The final test on the 'greatest mountain in the world'
The racing begins with an opening criterium on Friday night in the heart of Bright, which last year was won by Patrick Eddy and Talia Appleton. While it doesn't count toward the rankings for the overall Tour, it does provide plenty of entertainment for the crowds and gets the festivities underway before stage 1 of the Tour of Bright gets into gear early on Saturday.
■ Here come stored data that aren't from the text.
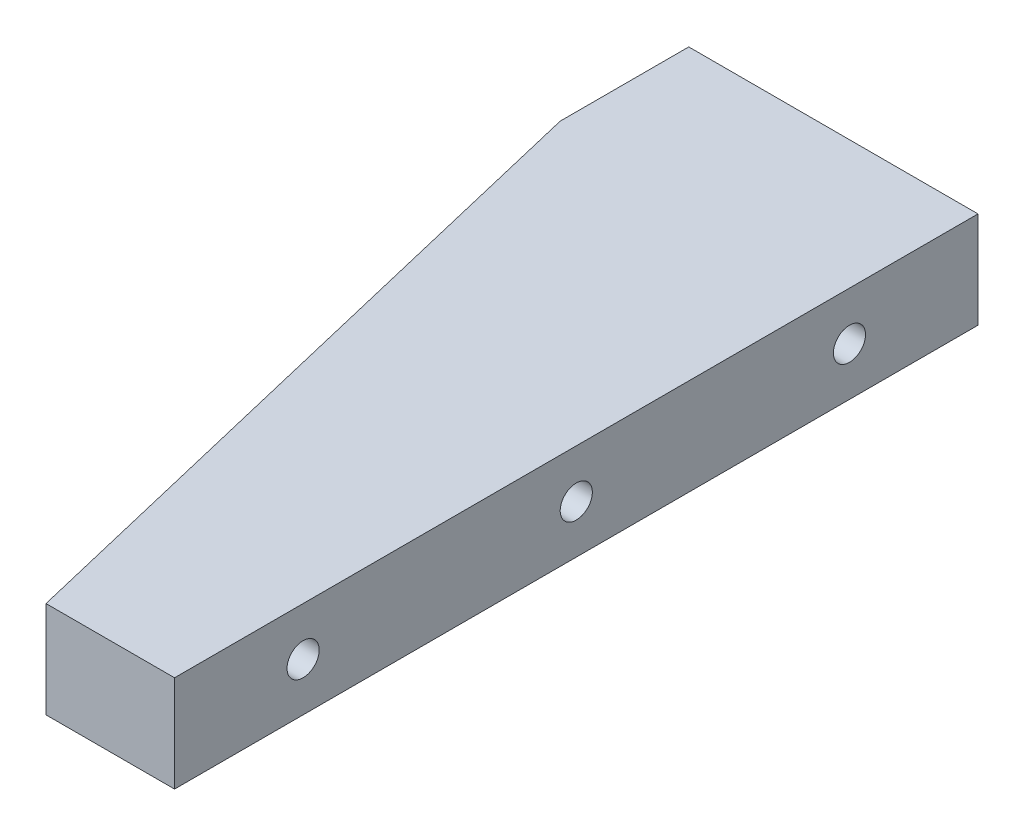
SolidWorks part; units mm, degrees
ref_plane "Front" through (0, 0, 0) normal (0, 0, 1) x (1, 0, 0)
ref_plane "Top" through (0, 0, 0) normal (0, 1, 0) x (1, 0, 0)
ref_plane "Right" through (0, 0, 0) normal (1, 0, 0) x (0, 0, -1)
sketch "Sketch1" plane through (0, 0, 0) normal (0, 1, 0) x (1, 0, 0)
  line L0 (0, 0) -> (0, -125)
  line L1 (0, -125) -> (-20, -125)
  line L2 (-20, -125) -> (-45, -20)
  line L3 (-45, -20) -> (-45, 0)
  line L4 (-45, 0) -> (0, 0)
  dimension "D1" = 125
  dimension "D2" = 45
  dimension "D3" = 20
  dimension "D4" = 20
extrude "Boss-Extrude1" add sketch "Sketch1" along normal blind 15
hole_wizard "M6 Tapped Hole1" positions "Sketch3" profile "Sketch2" tap size "M6" standard "ISO"
sketch "Sketch3" plane through (0, 0, 0) normal (0, 0, -1) x (-1, 0, 0)
  line L0 (0, 15) -> (0, 0) construction
  line L1 (0, 0) -> (45, 0) construction
  point P0 (35, 7.5)
  dimension "D1" = 35
  dimension "D2" = 7.5
sketch "Sketch2" plane through (-35, 7.5, 0) normal (1, 0, 0) x (0, 1, 0)
  line L0 (0, 0) -> (0, 11.5022)
  line L1 (0, 11.5022) -> (2.5, 10)
  line L2 (2.5, 10) -> (2.5, 0)
  line L5 (2.5, 0) -> (0, 0)
  line L10 (0, 11.5022) -> (-2.5, 10) construction
  line L11 (0, -6.35) -> (0, 107.95) construction
  dimension "Tap Drill Dia." = 5
  dimension "Tap Drill Depth" = 10
  dimension "Drill Angle" = 118
cosmetic thread "Hole Thread1"
hole_wizard "M6 Tapped Hole2" positions "Sketch5" profile "Sketch4" tap size "M6" standard "ISO"
sketch "Sketch5" plane through (0, 0, 0) normal (1, 0, 0) x (0, 0, -1)
  line L0 (0, 15) -> (0, 0) construction
  line L1 (-125, 0) -> (0, 0) construction
  point P0 (-105, 7.5)
  point P1 (-62.5, 7.5)
  point P3 (-20, 7.5)
  dimension "D1" = 20
  dimension "D2" = 42.5
  dimension "D3" = 42.5
  dimension "D4" = 7.5
sketch "Sketch4" plane through (0, 7.5, 105) normal (0, 1, 0) x (0, 0, -1)
  line L0 (0, 0) -> (0, 11.5022)
  line L1 (0, 11.5022) -> (2.5, 10)
  line L2 (2.5, 10) -> (2.5, 0)
  line L5 (2.5, 0) -> (0, 0)
  line L10 (0, 11.5022) -> (-2.5, 10) construction
  line L11 (0, -6.35) -> (0, 107.95) construction
  dimension "Tap Drill Dia." = 5
  dimension "Tap Drill Depth" = 10
  dimension "Drill Angle" = 118
cosmetic thread "Hole Thread2"
cosmetic thread "Hole Thread3"
cosmetic thread "Hole Thread4"

The GC battle starter is the 90.2km Gaps Loop stage, taking on the Happy Valley climb mid-stage before heading toward the Mt Beauty side of the popular Tawonga Gap ascent and a finish line at the top. It's the steeper side of the climb, averaging 6.3% over its 7.6km, with a couple of steep ramps thrown in and is likely to straight away draw a clear line between who is in with a chance of finishing on the podium at the end of the weekend and who isn't.
Last year, two 19-year-olds, Talia Appleton and Jack Ward, won that stage and, in doing so, began their launch into the world of top-level cycling, both now having secured crucial development team contracts. Ward signed with Lidl-Trek Future Racing, and Appleton joined on board with Liv AlUla Jayco's Continental team. Appleton will be on the start line again this year, as will 2024 women's overall winner Alli Anderson, who will be joining Appleton on the Liv AlUla Jayco development team next season, along with Sophie Marr, who will also be racing in Bright.
Saturday afternoon, it is onto stage 2, a 17.4km individual time trial that will play out in the Buckland Valley. With the two Australian time trial champions on the start line in Plapp and Chapman there should be some pretty fierce times to beat on the out and back course, especially considering the presence of Team Pursuit Olympic gold medallist Kelland O'Brien (Jayco AlUla), who also came third in the time trial at the Australia National Championships this year, plus Onley, as well as both U23 Australian title holders – Anderson and Zac Marriage. Still, there will of course be a question mark over whether or not some of the riders from further afield will drag out their time trial equipment for the club-run race, and that could have a significant impact on times.
The final chance to reshuffle the GC comes on Sunday's stage 3, with a 59.7km effort that ends at the top of Mount Buffalo, which delivers just over 1,000m of elevation gain with relatively steady gradients of 4-5% across 21km. It's a peak which Plapp likes to playfully call the "greatest mountain in the world", a view that may be coloured by his clear affection for the home training climb and hard-earned position at the top of the Strava leaderboard for the ascent, one he clinched with a scorching time at the 2023 Tour of Bright.
Still, given Plapp's unrelenting advocacy for the race that is nestled around his Australian home base in the high country of Victoria and the calibre of riders that is helping draw to the event, he may have made it a far harder task to hold onto that KOM as well as the title of overall winner at the Tour of Bright that he has scooped up the past two years.
"It used to be I'd rock up, and I was pretty confident about it," said Plapp. "Now it's going to be a lot harder to win, so I'm starting to regret who's coming and who I've invited over," he added jokingly.
Cyclingnews will be on the ground in Victoria's high country to keep you up to date through the weekend of racing.